● **WHAT YOU HAVE TO DO**:
Could you filter the records below and keep only the lines with the word "width"?

____ MATERIAL PROVIDED

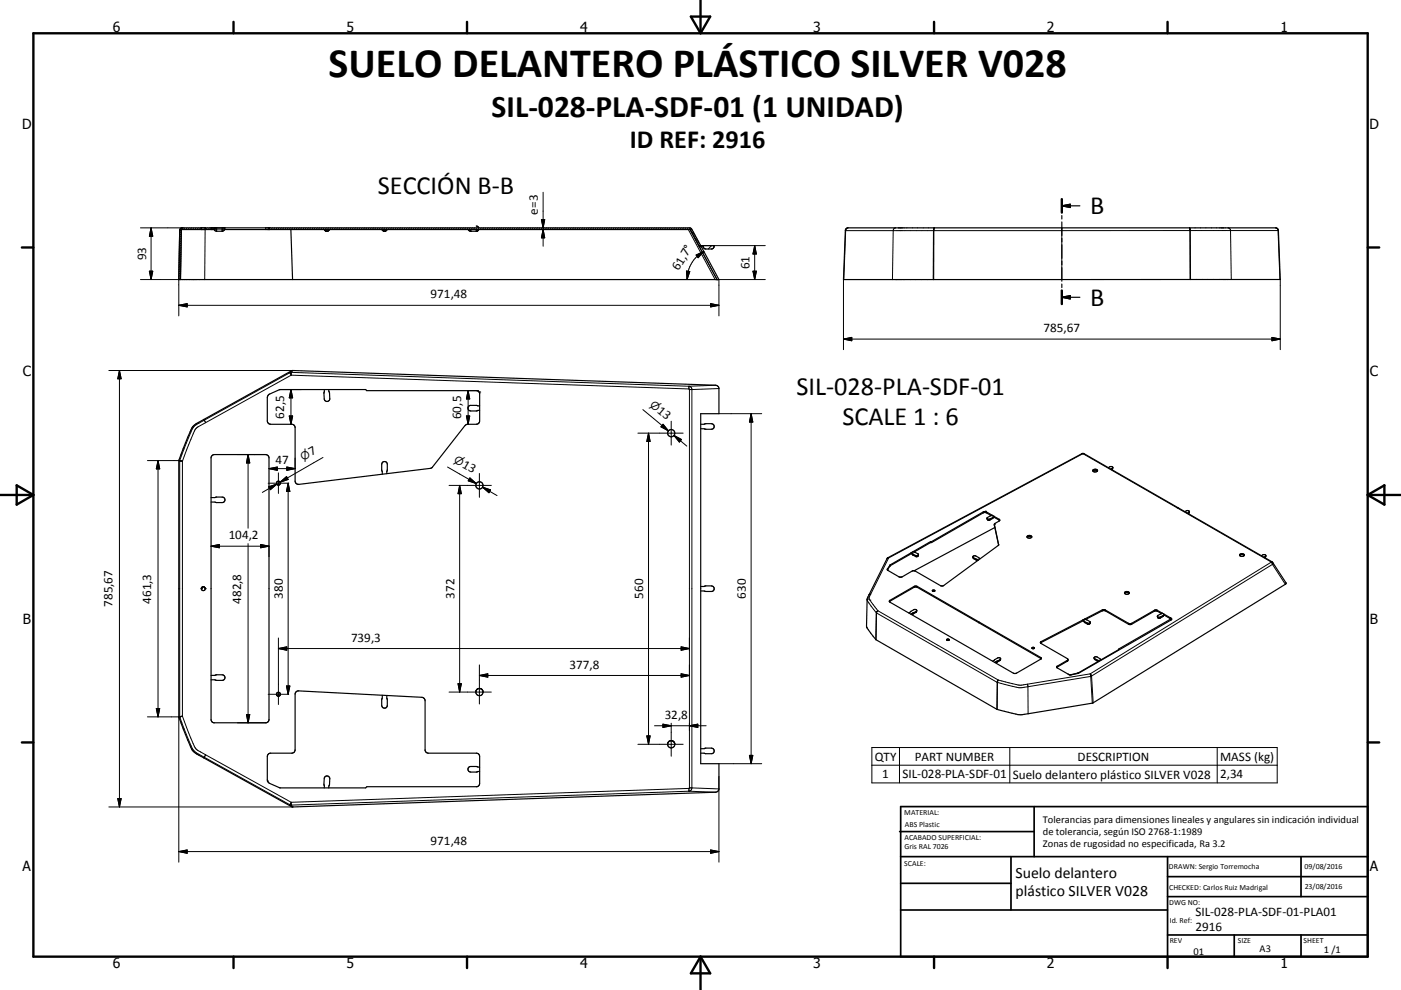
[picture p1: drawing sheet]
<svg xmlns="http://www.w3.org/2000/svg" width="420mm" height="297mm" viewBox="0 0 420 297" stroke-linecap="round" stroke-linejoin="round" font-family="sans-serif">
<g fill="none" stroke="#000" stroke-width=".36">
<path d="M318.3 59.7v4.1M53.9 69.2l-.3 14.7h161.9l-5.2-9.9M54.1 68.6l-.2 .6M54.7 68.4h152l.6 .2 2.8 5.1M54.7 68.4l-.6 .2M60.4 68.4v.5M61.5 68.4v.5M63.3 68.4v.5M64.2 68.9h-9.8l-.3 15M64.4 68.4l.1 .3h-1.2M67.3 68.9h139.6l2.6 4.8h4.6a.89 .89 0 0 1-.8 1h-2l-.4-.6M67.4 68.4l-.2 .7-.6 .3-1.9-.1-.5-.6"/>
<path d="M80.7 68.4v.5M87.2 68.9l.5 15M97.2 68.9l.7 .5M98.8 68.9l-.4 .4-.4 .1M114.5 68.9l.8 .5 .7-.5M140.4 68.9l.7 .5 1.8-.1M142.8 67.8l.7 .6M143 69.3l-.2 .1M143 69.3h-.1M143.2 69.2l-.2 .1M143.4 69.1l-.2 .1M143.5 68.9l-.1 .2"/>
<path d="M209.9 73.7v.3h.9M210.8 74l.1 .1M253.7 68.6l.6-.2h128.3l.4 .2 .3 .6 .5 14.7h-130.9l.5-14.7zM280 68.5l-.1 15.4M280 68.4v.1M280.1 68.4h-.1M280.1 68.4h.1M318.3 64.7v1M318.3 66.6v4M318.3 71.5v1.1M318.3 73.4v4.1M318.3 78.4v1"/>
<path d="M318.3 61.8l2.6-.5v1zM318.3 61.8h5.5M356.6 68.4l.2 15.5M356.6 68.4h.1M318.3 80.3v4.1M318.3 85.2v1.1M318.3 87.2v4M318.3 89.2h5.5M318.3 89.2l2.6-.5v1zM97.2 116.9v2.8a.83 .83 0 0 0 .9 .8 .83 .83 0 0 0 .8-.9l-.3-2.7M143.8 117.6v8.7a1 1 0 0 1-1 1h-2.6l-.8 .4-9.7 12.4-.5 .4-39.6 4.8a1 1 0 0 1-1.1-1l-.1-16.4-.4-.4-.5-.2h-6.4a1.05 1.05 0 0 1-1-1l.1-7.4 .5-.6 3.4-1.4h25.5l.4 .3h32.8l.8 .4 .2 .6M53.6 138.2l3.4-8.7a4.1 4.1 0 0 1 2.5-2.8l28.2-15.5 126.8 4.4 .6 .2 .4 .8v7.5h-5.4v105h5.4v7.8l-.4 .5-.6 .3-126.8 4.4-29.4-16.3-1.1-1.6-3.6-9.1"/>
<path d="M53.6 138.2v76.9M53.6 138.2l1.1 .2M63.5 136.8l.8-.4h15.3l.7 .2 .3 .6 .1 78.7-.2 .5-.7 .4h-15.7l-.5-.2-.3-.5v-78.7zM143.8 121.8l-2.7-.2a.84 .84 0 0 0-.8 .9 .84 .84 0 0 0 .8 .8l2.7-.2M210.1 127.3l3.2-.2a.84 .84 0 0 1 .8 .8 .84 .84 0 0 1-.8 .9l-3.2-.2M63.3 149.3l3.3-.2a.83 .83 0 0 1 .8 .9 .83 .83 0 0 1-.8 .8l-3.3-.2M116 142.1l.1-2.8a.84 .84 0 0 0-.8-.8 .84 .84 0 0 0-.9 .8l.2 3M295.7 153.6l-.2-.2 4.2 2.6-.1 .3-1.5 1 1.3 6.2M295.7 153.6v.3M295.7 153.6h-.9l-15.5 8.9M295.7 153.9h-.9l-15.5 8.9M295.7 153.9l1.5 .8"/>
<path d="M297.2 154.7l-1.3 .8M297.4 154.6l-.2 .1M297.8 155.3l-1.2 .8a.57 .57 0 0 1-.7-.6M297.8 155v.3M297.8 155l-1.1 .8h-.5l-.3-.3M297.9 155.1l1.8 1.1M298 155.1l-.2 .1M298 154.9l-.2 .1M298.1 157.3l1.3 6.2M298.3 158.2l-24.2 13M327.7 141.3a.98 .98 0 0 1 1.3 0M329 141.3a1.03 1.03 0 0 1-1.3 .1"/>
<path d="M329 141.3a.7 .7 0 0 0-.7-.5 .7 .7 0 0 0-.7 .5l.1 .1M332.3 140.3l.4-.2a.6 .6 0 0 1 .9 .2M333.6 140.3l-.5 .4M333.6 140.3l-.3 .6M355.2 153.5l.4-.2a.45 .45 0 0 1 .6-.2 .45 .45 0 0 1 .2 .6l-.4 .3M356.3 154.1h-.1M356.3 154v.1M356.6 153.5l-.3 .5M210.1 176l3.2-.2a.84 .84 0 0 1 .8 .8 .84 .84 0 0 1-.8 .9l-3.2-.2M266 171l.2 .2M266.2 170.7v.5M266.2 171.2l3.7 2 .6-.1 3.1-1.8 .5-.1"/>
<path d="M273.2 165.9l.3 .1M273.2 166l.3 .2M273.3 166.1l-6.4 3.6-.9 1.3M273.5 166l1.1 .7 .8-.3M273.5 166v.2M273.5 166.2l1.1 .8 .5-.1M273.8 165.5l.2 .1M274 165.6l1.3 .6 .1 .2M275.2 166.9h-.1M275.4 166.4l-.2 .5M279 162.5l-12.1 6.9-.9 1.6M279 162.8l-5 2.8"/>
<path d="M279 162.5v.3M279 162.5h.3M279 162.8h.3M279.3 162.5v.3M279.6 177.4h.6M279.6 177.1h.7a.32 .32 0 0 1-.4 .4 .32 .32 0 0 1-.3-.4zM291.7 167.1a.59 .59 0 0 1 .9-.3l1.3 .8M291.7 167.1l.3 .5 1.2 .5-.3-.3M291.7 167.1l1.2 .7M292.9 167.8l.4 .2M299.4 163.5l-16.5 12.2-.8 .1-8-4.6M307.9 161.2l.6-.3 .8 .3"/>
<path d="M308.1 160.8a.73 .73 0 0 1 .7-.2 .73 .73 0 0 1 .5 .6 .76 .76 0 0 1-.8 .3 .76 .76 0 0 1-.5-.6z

________

● **WRITTEN SOLUTION**:
<svg xmlns="http://www.w3.org/2000/svg" width="420mm" height="297mm" viewBox="0 0 420 297" stroke-linecap="round" stroke-linejoin="round" font-family="sans-serif">
<g fill="none" stroke="#000" stroke-width=".36">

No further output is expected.